DESCRIPTION OF THE TASK
Write out exactly the lines from the one containing "#131=CARTESIAN_POINT('',(0.,0.,-10.));" through the last line of the records below, including both.

Dataset records
* * * * * * *

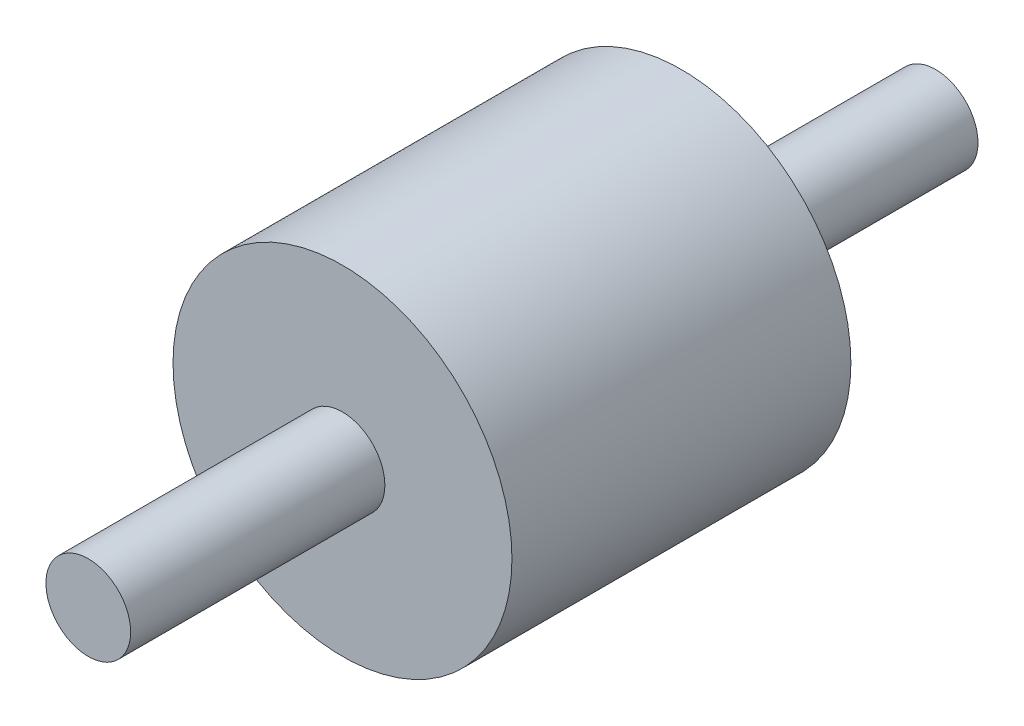
ISO-10303-21;
HEADER;
FILE_DESCRIPTION(('STEP AP214'),'2;1');
FILE_NAME('part.step','',(''),(''),'','','');
FILE_SCHEMA(('AUTOMOTIVE_DESIGN { 1 0 10303 214 1 1 1 1 }'));
ENDSEC;
DATA;
#1=APPLICATION_CONTEXT('core data for automotive mechanical design processes');
#2=APPLICATION_PROTOCOL_DEFINITION('international standard','automotive_design',2000,#1);
#3=PRODUCT_CONTEXT('',#1,'mechanical');
#4=PRODUCT('Part','Part','',(#3));
#5=PRODUCT_RELATED_PRODUCT_CATEGORY('part','',(#4));
#6=PRODUCT_DEFINITION_FORMATION('','',#4);
#7=PRODUCT_DEFINITION_CONTEXT('part definition',#1,'design');
#8=PRODUCT_DEFINITION('design','',#6,#7);
#9=PRODUCT_DEFINITION_SHAPE('','',#8);
#10=(LENGTH_UNIT() NAMED_UNIT(*) SI_UNIT(.MILLI.,.METRE.));
#11=(NAMED_UNIT(*) PLANE_ANGLE_UNIT() SI_UNIT($,.RADIAN.));
#12=(NAMED_UNIT(*) SI_UNIT($,.STERADIAN.) SOLID_ANGLE_UNIT());
#13=UNCERTAINTY_MEASURE_WITH_UNIT(LENGTH_MEASURE(1.E-05),#10,'distance_accuracy_value','');
#14=(GEOMETRIC_REPRESENTATION_CONTEXT(3) GLOBAL_UNCERTAINTY_ASSIGNED_CONTEXT((#13)) GLOBAL_UNIT_ASSIGNED_CONTEXT((#10,
#11,#12)) REPRESENTATION_CONTEXT('',''));
#15=CARTESIAN_POINT('',(0.,0.,0.));
#16=DIRECTION('',(0.,0.,1.));
#17=DIRECTION('',(1.,0.,0.));
#18=AXIS2_PLACEMENT_3D('',#15,#16,#17);
#19=CARTESIAN_POINT('',(0.,0.,-4.));
#20=DIRECTION('',(0.,0.,1.));
#21=DIRECTION('',(1.,0.,0.));
#22=AXIS2_PLACEMENT_3D('',#19,#20,#21);
#23=CYLINDRICAL_SURFACE('',#22,4.);
#24=CARTESIAN_POINT('',(0.,0.,-4.));
#25=DIRECTION('',(0.,0.,1.));
#26=DIRECTION('',(1.,0.,0.));
#27=AXIS2_PLACEMENT_3D('',#24,#25,#26);
#28=CIRCLE('',#27,4.);
#29=CARTESIAN_POINT('',(4.,0.,-4.));
#30=VERTEX_POINT('',#29);
#31=EDGE_CURVE('E36',#30,#30,#28,.T.);
#32=ORIENTED_EDGE('',*,*,#31,.T.);
#33=EDGE_LOOP('',(#32));
#34=FACE_BOUND('',#33,.T.);
#35=CARTESIAN_POINT('',(0.,0.,4.));
#36=DIRECTION('',(0.,0.,1.));
#37=DIRECTION('',(1.,0.,0.));
#38=AXIS2_PLACEMENT_3D('',#35,#36,#37);
#39=CIRCLE('',#38,4.);
#40=CARTESIAN_POINT('',(4.,0.,4.));
#41=VERTEX_POINT('',#40);
#42=EDGE_CURVE('E40',#41,#41,#39,.T.);
#43=ORIENTED_EDGE('',*,*,#42,.F.);
#44=EDGE_LOOP('',(#43));
#45=FACE_BOUND('',#44,.T.);
#46=ADVANCED_FACE('F30',(#34,#45),#23,.T.);
#47=CARTESIAN_POINT('',(0.,0.,-4.));
#48=DIRECTION('',(0.,0.,1.));
#49=DIRECTION('',(1.,0.,0.));
#50=AXIS2_PLACEMENT_3D('',#47,#48,#49);
#51=PLANE('',#50);
#52=CARTESIAN_POINT('',(0.,0.,-4.));
#53=DIRECTION('',(0.,0.,1.));
#54=DIRECTION('',(1.,0.,0.));
#55=AXIS2_PLACEMENT_3D('',#52,#53,#54);
#56=CIRCLE('',#55,1.);
#57=CARTESIAN_POINT('',(1.,0.,-4.));
#58=VERTEX_POINT('',#57);
#59=EDGE_CURVE('E44',#58,#58,#56,.T.);
#60=ORIENTED_EDGE('',*,*,#59,.T.);
#61=EDGE_LOOP('',(#60));
#62=FACE_BOUND('',#61,.T.);
#63=ORIENTED_EDGE('',*,*,#31,.F.);
#64=EDGE_LOOP('',(#63));
#65=FACE_BOUND('',#64,.T.);
#66=ADVANCED_FACE('F73',(#62,#65),#51,.F.);
#67=CARTESIAN_POINT('',(0.,0.,4.));
#68=DIRECTION('',(0.,0.,1.));
#69=DIRECTION('',(1.,0.,0.));
#70=AXIS2_PLACEMENT_3D('',#67,#68,#69);
#71=PLANE('',#70);
#72=CARTESIAN_POINT('',(0.,0.,4.));
#73=DIRECTION('',(0.,0.,1.));
#74=DIRECTION('',(1.,0.,0.));
#75=AXIS2_PLACEMENT_3D('',#72,#73,#74);
#76=CIRCLE('',#75,1.);
#77=CARTESIAN_POINT('',(1.,0.,4.));
#78=VERTEX_POINT('',#77);
#79=EDGE_CURVE('E10',#78,#78,#76,.T.);
#80=ORIENTED_EDGE('',*,*,#79,.F.);
#81=EDGE_LOOP('',(#80));
#82=FACE_BOUND('',#81,.T.);
#83=ORIENTED_EDGE('',*,*,#42,.T.);
#84=EDGE_LOOP('',(#83));
#85=FACE_BOUND('',#84,.T.);
#86=ADVANCED_FACE('F68',(#82,#85),#71,.T.);
#87=CARTESIAN_POINT('',(0.,0.,10.));
#88=DIRECTION('',(0.,0.,1.));
#89=DIRECTION('',(1.,0.,0.));
#90=AXIS2_PLACEMENT_3D('',#87,#88,#89);
#91=PLANE('',#90);
#92=CARTESIAN_POINT('',(0.,0.,10.));
#93=DIRECTION('',(0.,0.,1.));
#94=DIRECTION('',(1.,0.,0.));
#95=AXIS2_PLACEMENT_3D('',#92,#93,#94);
#96=CIRCLE('',#95,1.);
#97=CARTESIAN_POINT('',(1.,0.,10.));
#98=VERTEX_POINT('',#97);
#99=EDGE_CURVE('E52',#98,#98,#96,.T.);
#100=ORIENTED_EDGE('',*,*,#99,.T.);
#101=EDGE_LOOP('',(#100));
#102=FACE_BOUND('',#101,.T.);
#103=ADVANCED_FACE('F56',(#102),#91,.T.);
#104=CARTESIAN_POINT('',(0.,0.,-10.));
#105=DIRECTION('',(0.,0.,1.));
#106=DIRECTION('',(1.,0.,0.));
#107=AXIS2_PLACEMENT_3D('',#104,#105,#106);
#108=CYLINDRICAL_SURFACE('',#107,1.);
#109=ORIENTED_EDGE('',*,*,#79,.T.);
#110=EDGE_LOOP('',(#109));
#111=FACE_BOUND('',#110,.T.);
#112=ORIENTED_EDGE('',*,*,#99,.F.);
#113=EDGE_LOOP('',(#112));
#114=FACE_BOUND('',#113,.T.);
#115=ADVANCED_FACE('F58',(#111,#114),#108,.T.);
#116=CARTESIAN_POINT('',(0.,0.,-10.));
#117=DIRECTION('',(0.,0.,1.));
#118=DIRECTION('',(1.,0.,0.));
#119=AXIS2_PLACEMENT_3D('',#116,#117,#118);
#120=CIRCLE('',#119,1.);
#121=CARTESIAN_POINT('',(1.,0.,-10.));
#122=VERTEX_POINT('',#121);
#123=EDGE_CURVE('E49',#122,#122,#120,.T.);
#124=ORIENTED_EDGE('',*,*,#123,.T.);
#125=EDGE_LOOP('',(#124));
#126=FACE_BOUND('',#125,.T.);
#127=ORIENTED_EDGE('',*,*,#59,.F.);
#128=EDGE_LOOP('',(#127));
#129=FACE_BOUND('',#128,.T.);
#130=ADVANCED_FACE('F60',(#126,#129),#108,.T.);
#131=CARTESIAN_POINT('',(0.,0.,-10.));
#132=DIRECTION('',(0.,0.,1.));
#133=DIRECTION('',(1.,0.,0.));
#134=AXIS2_PLACEMENT_3D('',#131,#132,#133);
#135=PLANE('',#134);
#136=ORIENTED_EDGE('',*,*,#123,.F.);
#137=EDGE_LOOP('',(#136));
#138=FACE_BOUND('',#137,.T.);
#139=ADVANCED_FACE('F66',(#138),#135,.F.);
#140=CLOSED_SHELL('',(#46,#66,#86,#103,#115,#130,#139));
#141=MANIFOLD_SOLID_BREP('B2',#140);
#142=ADVANCED_BREP_SHAPE_REPRESENTATION('',(#18,#141),#14);
#143=SHAPE_DEFINITION_REPRESENTATION(#9,#142);
ENDSEC;
END-ISO-10303-21;

* * * * * * *

RESULT BELOW
#131=CARTESIAN_POINT('',(0.,0.,-10.));
#132=DIRECTION('',(0.,0.,1.));
#133=DIRECTION('',(1.,0.,0.));
#134=AXIS2_PLACEMENT_3D('',#131,#132,#133);
#135=PLANE('',#134);
#136=ORIENTED_EDGE('',*,*,#123,.F.);
#137=EDGE_LOOP('',(#136));
#138=FACE_BOUND('',#137,.T.);
#139=ADVANCED_FACE('F66',(#138),#135,.F.);
#140=CLOSED_SHELL('',(#46,#66,#86,#103,#115,#130,#139));
#141=MANIFOLD_SOLID_BREP('B2',#140);
#142=ADVANCED_BREP_SHAPE_REPRESENTATION('',(#18,#141),#14);
#143=SHAPE_DEFINITION_REPRESENTATION(#9,#142);
ENDSEC;
END-ISO-10303-21;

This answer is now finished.